ABOUT THIS EXERCISE: Filter the data for lines with the word "units", then copy every line so identified.

PROVIDED INFORMATION: Begin

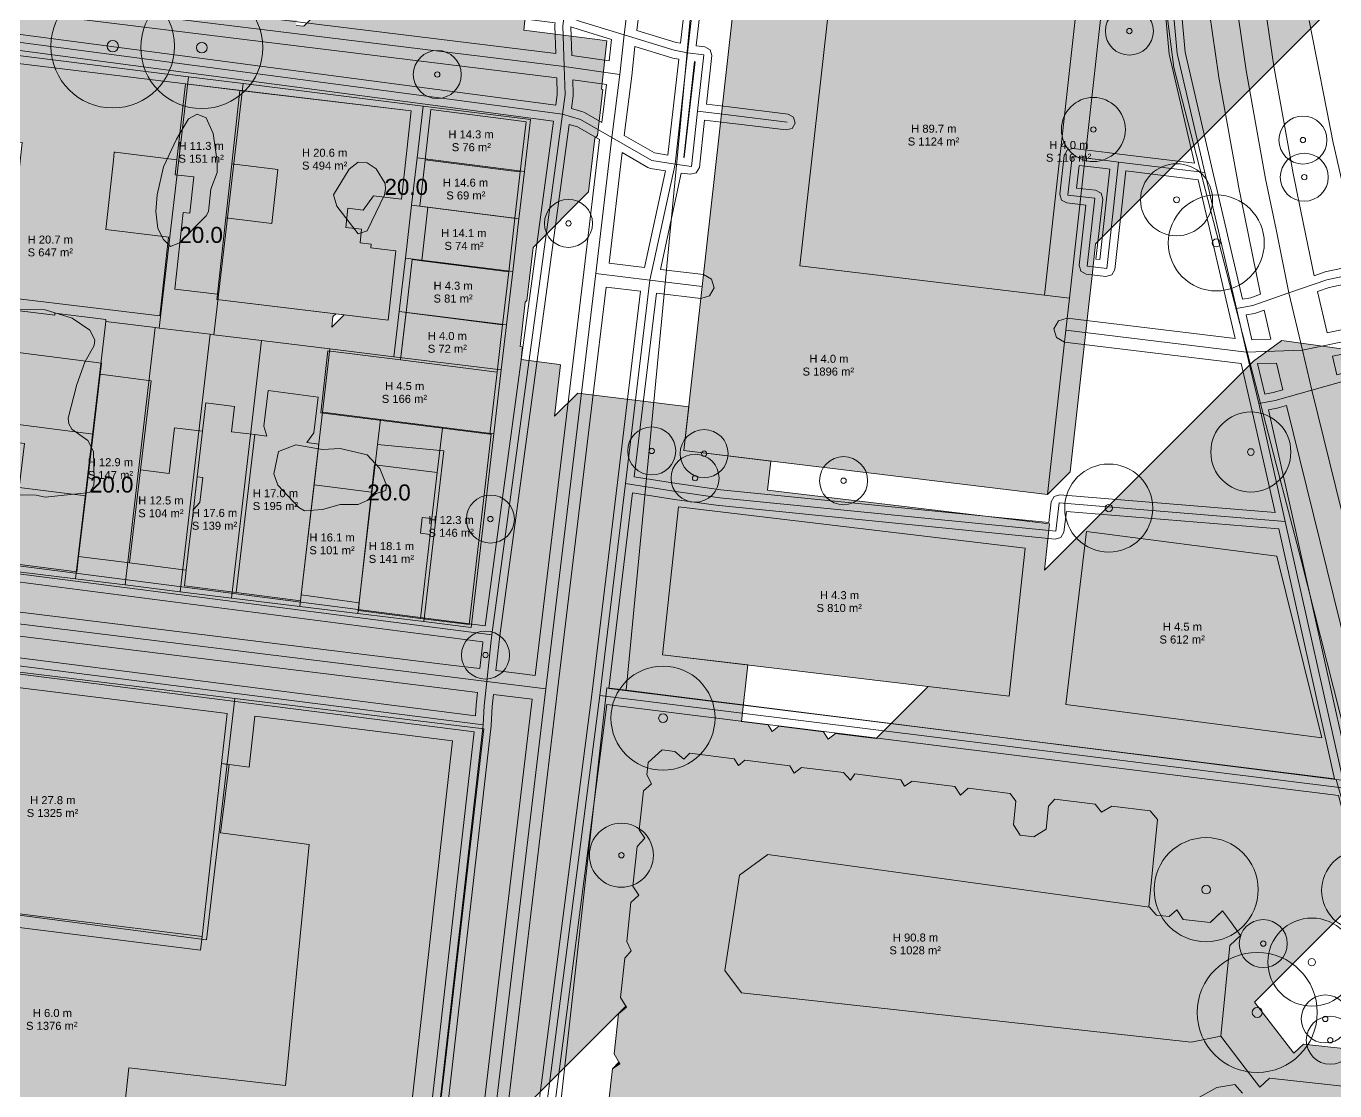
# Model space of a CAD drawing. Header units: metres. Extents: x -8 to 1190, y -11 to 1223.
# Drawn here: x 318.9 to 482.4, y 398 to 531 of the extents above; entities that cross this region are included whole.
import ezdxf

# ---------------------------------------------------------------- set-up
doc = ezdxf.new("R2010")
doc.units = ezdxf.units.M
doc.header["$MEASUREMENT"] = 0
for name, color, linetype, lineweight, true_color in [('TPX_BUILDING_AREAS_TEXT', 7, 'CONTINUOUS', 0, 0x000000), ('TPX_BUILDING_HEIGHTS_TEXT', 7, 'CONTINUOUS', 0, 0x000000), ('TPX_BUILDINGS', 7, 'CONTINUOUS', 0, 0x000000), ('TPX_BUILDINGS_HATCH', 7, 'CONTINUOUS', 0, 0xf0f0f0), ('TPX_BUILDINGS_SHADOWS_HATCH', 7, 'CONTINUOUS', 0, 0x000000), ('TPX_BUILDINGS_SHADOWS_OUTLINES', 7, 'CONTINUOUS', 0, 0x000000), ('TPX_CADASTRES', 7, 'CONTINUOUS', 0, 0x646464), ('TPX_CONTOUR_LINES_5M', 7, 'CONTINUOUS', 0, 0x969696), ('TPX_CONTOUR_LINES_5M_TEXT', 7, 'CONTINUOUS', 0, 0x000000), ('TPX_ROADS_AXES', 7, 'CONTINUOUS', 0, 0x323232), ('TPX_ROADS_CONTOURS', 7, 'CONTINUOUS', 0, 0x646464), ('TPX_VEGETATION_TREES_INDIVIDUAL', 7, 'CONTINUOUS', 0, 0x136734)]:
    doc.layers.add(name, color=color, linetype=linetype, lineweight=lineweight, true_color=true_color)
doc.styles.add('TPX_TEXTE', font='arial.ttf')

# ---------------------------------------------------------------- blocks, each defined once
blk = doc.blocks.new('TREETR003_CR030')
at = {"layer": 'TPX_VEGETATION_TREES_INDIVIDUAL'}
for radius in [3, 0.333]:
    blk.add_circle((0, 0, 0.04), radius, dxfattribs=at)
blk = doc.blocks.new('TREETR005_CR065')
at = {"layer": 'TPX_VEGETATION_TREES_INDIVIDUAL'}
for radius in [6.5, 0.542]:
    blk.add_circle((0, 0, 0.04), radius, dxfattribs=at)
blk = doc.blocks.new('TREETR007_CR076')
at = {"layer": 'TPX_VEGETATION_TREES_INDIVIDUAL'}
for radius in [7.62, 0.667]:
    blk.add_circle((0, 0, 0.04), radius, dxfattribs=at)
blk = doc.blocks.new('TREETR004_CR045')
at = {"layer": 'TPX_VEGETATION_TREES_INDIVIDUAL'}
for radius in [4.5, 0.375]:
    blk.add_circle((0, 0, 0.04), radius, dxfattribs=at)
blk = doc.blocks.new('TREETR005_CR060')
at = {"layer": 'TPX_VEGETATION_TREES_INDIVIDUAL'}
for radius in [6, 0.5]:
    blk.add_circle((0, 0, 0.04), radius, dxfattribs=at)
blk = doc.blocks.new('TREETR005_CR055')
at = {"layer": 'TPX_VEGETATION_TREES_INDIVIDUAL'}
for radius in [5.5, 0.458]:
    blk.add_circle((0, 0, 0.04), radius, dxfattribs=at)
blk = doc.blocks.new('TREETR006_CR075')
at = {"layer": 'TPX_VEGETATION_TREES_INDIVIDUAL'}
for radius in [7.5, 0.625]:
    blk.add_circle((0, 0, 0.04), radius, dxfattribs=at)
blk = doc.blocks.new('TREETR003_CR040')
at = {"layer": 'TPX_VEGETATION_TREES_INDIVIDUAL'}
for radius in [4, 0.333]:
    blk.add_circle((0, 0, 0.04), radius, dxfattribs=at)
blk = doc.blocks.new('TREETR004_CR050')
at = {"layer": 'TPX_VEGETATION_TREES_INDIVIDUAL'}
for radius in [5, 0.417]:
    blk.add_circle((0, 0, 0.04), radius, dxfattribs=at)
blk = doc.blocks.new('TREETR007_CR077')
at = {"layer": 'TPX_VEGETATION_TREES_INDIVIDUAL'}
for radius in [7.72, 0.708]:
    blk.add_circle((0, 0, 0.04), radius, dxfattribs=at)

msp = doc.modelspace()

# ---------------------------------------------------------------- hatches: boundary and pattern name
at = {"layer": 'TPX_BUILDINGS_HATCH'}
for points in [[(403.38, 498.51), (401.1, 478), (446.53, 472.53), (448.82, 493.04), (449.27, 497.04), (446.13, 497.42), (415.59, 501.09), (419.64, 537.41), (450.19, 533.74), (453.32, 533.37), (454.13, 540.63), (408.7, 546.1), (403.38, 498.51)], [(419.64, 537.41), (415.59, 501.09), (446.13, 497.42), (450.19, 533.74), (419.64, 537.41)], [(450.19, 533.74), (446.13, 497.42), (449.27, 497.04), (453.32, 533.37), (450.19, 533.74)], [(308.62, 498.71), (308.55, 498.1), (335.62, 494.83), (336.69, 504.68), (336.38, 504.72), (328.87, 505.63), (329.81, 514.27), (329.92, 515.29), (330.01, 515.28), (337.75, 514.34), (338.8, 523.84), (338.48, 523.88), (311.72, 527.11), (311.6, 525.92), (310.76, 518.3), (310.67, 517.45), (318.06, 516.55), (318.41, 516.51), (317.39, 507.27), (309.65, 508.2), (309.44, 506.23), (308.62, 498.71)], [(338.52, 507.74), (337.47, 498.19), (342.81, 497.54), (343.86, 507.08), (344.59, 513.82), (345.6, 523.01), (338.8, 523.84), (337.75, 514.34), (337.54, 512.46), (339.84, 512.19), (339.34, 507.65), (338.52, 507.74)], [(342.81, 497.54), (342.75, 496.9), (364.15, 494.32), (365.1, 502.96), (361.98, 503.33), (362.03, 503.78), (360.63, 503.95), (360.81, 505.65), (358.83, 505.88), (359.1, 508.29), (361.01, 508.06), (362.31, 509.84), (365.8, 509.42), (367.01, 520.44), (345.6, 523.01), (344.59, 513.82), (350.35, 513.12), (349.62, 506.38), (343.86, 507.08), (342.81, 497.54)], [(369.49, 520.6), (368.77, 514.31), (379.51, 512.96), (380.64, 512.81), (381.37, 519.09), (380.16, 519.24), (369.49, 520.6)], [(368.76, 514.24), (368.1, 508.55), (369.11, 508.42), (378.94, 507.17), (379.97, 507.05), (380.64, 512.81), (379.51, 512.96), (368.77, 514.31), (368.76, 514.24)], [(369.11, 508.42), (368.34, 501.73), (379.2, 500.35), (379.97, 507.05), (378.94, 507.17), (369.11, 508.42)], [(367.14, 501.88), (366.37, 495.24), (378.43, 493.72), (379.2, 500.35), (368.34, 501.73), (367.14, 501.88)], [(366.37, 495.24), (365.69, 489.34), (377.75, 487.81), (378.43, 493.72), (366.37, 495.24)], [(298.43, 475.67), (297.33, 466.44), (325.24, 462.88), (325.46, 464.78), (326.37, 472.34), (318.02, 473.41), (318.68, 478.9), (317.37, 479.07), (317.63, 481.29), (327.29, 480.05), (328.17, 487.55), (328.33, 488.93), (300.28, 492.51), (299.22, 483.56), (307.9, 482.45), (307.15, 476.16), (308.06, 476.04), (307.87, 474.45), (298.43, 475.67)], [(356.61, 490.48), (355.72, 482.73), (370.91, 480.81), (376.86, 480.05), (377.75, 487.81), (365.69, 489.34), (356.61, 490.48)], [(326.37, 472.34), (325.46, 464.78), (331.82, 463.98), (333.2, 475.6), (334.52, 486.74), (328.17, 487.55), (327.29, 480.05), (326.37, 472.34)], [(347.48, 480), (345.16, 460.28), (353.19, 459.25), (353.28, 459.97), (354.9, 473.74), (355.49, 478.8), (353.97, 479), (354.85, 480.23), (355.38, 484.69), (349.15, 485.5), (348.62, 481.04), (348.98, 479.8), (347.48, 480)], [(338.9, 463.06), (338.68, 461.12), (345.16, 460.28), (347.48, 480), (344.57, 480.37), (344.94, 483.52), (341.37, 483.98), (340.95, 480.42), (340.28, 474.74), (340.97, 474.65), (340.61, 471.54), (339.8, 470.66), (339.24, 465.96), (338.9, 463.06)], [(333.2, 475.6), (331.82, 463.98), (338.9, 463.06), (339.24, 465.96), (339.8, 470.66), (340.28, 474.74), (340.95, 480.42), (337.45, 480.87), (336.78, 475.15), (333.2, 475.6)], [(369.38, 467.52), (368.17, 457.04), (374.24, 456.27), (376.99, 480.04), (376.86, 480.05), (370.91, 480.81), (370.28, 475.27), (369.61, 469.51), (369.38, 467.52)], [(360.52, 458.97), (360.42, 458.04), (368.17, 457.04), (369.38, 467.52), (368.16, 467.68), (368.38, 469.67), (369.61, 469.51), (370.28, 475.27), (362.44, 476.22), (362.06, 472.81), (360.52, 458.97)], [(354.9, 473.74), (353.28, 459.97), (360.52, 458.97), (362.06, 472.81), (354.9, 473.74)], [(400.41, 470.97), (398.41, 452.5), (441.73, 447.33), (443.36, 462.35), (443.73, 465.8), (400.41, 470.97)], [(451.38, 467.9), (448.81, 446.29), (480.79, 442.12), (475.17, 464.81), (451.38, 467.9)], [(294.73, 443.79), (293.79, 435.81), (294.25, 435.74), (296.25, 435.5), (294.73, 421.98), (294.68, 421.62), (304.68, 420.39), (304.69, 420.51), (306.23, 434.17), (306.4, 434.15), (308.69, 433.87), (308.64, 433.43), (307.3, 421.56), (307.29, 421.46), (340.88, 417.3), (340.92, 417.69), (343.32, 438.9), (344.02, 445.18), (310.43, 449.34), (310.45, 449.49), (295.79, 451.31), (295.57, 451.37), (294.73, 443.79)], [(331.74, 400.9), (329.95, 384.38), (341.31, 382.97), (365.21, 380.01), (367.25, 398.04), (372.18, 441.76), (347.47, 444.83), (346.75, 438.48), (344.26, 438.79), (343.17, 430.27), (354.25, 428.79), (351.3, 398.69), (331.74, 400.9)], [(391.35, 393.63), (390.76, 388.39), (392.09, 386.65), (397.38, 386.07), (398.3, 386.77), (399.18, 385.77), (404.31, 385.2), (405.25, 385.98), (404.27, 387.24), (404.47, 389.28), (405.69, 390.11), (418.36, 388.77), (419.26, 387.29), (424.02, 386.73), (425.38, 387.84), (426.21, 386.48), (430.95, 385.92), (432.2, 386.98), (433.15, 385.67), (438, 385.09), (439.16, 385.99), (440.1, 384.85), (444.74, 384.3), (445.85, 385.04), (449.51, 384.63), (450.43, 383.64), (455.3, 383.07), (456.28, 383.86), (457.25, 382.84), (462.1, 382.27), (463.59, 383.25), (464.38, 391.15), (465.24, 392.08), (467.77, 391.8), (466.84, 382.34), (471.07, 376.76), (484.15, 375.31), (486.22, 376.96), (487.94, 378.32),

PROVIDED INFORMATION: End

EXERCISE SOLUTION:
# Model space of a CAD drawing. Header units: metres. Extents: x -8 to 1190, y -11 to 1223.
doc.units = ezdxf.units.M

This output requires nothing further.